Every line below that mentions the word "bdroot" should be copied out.

[Items listed in a dataset]
□ □ □ □ □ □ □
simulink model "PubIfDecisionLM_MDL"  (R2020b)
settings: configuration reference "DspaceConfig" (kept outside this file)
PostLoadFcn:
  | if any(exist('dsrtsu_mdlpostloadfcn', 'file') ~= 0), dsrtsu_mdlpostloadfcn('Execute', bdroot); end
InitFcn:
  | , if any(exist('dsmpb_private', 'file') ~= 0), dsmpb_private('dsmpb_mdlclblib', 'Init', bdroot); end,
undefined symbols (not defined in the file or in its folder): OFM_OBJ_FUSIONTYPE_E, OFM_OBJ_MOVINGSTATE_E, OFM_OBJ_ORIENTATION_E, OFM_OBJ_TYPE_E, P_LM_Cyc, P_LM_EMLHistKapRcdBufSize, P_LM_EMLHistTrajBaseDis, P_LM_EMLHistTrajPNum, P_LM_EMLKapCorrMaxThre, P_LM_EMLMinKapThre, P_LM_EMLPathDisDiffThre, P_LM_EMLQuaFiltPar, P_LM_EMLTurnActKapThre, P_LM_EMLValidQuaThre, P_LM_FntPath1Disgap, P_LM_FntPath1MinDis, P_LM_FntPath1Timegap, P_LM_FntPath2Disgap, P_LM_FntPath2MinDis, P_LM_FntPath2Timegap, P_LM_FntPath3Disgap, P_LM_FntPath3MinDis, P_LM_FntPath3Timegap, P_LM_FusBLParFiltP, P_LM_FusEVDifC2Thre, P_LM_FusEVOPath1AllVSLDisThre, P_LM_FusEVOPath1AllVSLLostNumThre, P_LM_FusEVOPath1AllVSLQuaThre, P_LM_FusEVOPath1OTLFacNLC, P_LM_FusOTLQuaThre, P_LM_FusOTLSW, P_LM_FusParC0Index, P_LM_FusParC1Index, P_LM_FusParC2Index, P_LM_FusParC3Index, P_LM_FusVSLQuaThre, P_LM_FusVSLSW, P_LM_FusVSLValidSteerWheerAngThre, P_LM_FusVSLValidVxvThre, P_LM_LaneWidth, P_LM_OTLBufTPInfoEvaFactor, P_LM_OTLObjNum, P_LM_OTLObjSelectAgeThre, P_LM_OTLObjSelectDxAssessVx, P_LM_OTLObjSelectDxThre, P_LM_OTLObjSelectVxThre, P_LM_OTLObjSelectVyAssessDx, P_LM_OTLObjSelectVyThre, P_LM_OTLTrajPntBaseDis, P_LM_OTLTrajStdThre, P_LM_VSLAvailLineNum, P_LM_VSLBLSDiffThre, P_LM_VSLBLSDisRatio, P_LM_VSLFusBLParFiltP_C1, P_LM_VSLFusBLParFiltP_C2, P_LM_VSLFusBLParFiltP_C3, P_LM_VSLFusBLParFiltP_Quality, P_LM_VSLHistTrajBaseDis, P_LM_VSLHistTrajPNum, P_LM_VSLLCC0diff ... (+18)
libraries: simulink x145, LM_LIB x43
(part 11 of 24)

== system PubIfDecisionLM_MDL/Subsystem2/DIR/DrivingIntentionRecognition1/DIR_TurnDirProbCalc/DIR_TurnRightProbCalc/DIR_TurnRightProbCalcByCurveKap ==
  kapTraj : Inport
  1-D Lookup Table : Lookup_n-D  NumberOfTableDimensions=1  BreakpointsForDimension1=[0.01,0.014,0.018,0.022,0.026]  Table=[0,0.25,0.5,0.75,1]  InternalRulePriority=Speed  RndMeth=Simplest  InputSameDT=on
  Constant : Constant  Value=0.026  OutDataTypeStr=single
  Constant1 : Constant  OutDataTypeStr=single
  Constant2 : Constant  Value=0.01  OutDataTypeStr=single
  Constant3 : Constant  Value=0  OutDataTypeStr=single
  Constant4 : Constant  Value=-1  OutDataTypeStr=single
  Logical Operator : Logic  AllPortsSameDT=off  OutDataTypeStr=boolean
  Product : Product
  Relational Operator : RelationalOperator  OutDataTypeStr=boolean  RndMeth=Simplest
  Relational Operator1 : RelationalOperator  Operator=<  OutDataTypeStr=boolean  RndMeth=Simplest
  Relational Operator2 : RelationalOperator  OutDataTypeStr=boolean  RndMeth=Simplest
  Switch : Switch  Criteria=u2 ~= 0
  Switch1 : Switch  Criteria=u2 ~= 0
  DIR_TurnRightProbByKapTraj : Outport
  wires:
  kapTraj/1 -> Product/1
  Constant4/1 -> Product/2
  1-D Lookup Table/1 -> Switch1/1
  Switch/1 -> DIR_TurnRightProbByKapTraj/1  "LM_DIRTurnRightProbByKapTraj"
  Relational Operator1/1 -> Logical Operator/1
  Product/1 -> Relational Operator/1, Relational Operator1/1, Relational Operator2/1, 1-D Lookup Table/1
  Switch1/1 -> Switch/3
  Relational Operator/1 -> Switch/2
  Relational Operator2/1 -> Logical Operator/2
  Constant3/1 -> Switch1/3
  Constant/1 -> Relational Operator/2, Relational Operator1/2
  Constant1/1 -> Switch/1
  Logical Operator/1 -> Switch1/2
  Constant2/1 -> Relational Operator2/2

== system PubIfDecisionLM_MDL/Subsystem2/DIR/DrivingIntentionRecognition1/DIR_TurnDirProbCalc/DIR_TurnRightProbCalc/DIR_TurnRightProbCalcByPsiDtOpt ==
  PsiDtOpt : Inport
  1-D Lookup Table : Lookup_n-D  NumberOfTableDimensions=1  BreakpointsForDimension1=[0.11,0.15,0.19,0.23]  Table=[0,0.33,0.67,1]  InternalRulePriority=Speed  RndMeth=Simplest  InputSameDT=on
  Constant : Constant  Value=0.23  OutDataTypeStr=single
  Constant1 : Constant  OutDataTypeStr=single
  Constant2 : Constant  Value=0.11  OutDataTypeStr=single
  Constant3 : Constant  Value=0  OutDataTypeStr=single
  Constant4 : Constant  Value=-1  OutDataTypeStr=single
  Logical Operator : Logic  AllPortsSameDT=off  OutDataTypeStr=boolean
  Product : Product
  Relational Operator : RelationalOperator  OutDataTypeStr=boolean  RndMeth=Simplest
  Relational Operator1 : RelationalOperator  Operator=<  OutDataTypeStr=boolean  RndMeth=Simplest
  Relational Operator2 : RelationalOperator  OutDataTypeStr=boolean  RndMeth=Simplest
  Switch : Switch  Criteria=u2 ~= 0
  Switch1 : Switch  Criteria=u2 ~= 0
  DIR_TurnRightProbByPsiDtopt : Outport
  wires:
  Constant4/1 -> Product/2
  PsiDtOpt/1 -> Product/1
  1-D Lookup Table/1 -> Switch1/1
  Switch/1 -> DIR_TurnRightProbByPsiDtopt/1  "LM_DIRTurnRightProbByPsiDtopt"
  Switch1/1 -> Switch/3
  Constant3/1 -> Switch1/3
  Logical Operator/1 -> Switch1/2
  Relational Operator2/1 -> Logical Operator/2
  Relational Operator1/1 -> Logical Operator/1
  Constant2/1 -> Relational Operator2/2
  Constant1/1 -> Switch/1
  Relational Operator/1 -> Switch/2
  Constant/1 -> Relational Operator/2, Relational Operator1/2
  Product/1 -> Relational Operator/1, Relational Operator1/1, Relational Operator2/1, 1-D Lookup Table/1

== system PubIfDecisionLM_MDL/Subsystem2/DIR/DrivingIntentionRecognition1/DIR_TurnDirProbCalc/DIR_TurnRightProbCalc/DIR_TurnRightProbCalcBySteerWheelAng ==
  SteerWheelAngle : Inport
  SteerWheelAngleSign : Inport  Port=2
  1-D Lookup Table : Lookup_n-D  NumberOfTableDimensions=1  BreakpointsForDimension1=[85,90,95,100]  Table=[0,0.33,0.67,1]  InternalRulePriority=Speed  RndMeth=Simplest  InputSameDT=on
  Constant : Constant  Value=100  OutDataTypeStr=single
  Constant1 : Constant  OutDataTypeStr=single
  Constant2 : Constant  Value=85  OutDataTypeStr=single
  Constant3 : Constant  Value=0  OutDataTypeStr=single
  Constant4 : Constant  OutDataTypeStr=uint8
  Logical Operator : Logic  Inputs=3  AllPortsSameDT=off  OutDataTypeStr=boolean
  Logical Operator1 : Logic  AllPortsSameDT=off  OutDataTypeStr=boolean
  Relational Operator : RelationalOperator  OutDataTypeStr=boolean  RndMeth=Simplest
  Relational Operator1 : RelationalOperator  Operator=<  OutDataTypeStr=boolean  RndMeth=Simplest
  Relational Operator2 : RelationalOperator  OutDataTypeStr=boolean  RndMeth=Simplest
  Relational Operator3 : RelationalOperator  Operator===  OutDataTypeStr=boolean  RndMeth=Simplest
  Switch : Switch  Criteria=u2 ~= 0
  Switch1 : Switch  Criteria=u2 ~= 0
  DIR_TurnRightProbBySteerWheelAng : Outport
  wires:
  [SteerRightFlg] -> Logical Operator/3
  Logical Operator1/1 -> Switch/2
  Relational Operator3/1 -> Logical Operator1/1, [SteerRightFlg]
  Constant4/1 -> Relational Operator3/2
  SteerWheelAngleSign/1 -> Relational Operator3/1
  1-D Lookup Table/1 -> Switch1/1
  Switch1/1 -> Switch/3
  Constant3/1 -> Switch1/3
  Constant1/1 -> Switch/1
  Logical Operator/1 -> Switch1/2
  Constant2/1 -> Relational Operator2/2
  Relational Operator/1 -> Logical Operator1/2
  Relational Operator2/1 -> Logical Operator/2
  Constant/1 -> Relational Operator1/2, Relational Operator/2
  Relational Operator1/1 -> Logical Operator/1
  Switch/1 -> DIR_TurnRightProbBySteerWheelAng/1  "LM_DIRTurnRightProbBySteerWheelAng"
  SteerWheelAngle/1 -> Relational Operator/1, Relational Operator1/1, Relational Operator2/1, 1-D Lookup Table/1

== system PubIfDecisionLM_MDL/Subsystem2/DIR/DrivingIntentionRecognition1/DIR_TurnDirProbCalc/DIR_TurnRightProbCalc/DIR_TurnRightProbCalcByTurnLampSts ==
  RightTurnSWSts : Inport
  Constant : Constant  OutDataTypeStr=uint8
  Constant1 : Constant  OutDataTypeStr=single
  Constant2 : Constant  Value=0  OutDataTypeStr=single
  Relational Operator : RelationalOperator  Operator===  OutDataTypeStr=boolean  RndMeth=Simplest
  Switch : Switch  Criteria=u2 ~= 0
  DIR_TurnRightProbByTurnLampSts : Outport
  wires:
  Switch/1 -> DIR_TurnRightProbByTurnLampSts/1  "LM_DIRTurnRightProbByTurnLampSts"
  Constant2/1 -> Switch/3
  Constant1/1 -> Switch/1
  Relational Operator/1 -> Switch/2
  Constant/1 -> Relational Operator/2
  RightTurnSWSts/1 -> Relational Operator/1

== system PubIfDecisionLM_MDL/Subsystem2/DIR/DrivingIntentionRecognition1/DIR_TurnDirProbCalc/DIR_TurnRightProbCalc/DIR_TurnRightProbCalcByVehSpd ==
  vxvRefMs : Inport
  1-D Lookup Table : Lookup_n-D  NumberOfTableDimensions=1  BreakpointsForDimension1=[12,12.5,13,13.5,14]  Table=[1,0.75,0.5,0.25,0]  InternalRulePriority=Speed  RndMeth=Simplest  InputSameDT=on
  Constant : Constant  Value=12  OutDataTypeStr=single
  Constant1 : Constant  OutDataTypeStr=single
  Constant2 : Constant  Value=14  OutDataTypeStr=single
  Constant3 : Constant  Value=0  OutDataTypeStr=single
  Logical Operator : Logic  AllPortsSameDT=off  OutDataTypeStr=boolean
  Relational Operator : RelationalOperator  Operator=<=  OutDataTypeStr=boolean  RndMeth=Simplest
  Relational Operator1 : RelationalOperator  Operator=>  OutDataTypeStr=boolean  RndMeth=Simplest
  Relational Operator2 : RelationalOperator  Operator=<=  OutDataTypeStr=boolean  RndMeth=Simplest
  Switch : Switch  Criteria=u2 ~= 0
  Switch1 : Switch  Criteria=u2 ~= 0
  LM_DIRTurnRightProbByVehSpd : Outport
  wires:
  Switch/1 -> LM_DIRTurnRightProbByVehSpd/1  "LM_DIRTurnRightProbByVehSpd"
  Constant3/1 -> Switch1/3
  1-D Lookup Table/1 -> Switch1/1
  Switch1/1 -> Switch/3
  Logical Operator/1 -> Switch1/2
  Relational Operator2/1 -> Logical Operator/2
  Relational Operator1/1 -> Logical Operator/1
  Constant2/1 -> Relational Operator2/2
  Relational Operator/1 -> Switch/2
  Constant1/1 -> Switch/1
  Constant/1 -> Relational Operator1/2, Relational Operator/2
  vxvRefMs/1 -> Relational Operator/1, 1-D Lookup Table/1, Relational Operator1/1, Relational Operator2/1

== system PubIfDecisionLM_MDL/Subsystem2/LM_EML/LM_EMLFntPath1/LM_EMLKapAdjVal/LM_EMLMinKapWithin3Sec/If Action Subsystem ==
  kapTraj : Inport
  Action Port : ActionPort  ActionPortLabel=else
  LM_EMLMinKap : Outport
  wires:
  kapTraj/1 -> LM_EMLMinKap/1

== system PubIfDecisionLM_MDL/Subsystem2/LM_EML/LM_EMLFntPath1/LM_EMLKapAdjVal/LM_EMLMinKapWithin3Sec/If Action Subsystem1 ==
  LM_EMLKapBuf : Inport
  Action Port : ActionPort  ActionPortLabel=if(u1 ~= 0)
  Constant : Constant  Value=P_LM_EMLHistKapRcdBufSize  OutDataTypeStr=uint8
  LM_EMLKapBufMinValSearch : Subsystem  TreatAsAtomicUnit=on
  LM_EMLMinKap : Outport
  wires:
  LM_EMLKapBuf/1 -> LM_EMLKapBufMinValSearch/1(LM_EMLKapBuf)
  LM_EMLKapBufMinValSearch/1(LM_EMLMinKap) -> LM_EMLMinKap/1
□ □ □ □ □ □ □
● **Exercise solution**
  | if any(exist('dsrtsu_mdlpostloadfcn', 'file') ~= 0), dsrtsu_mdlpostloadfcn('Execute', bdroot); end
  | , if any(exist('dsmpb_private', 'file') ~= 0), dsmpb_private('dsmpb_mdlclblib', 'Init', bdroot); end,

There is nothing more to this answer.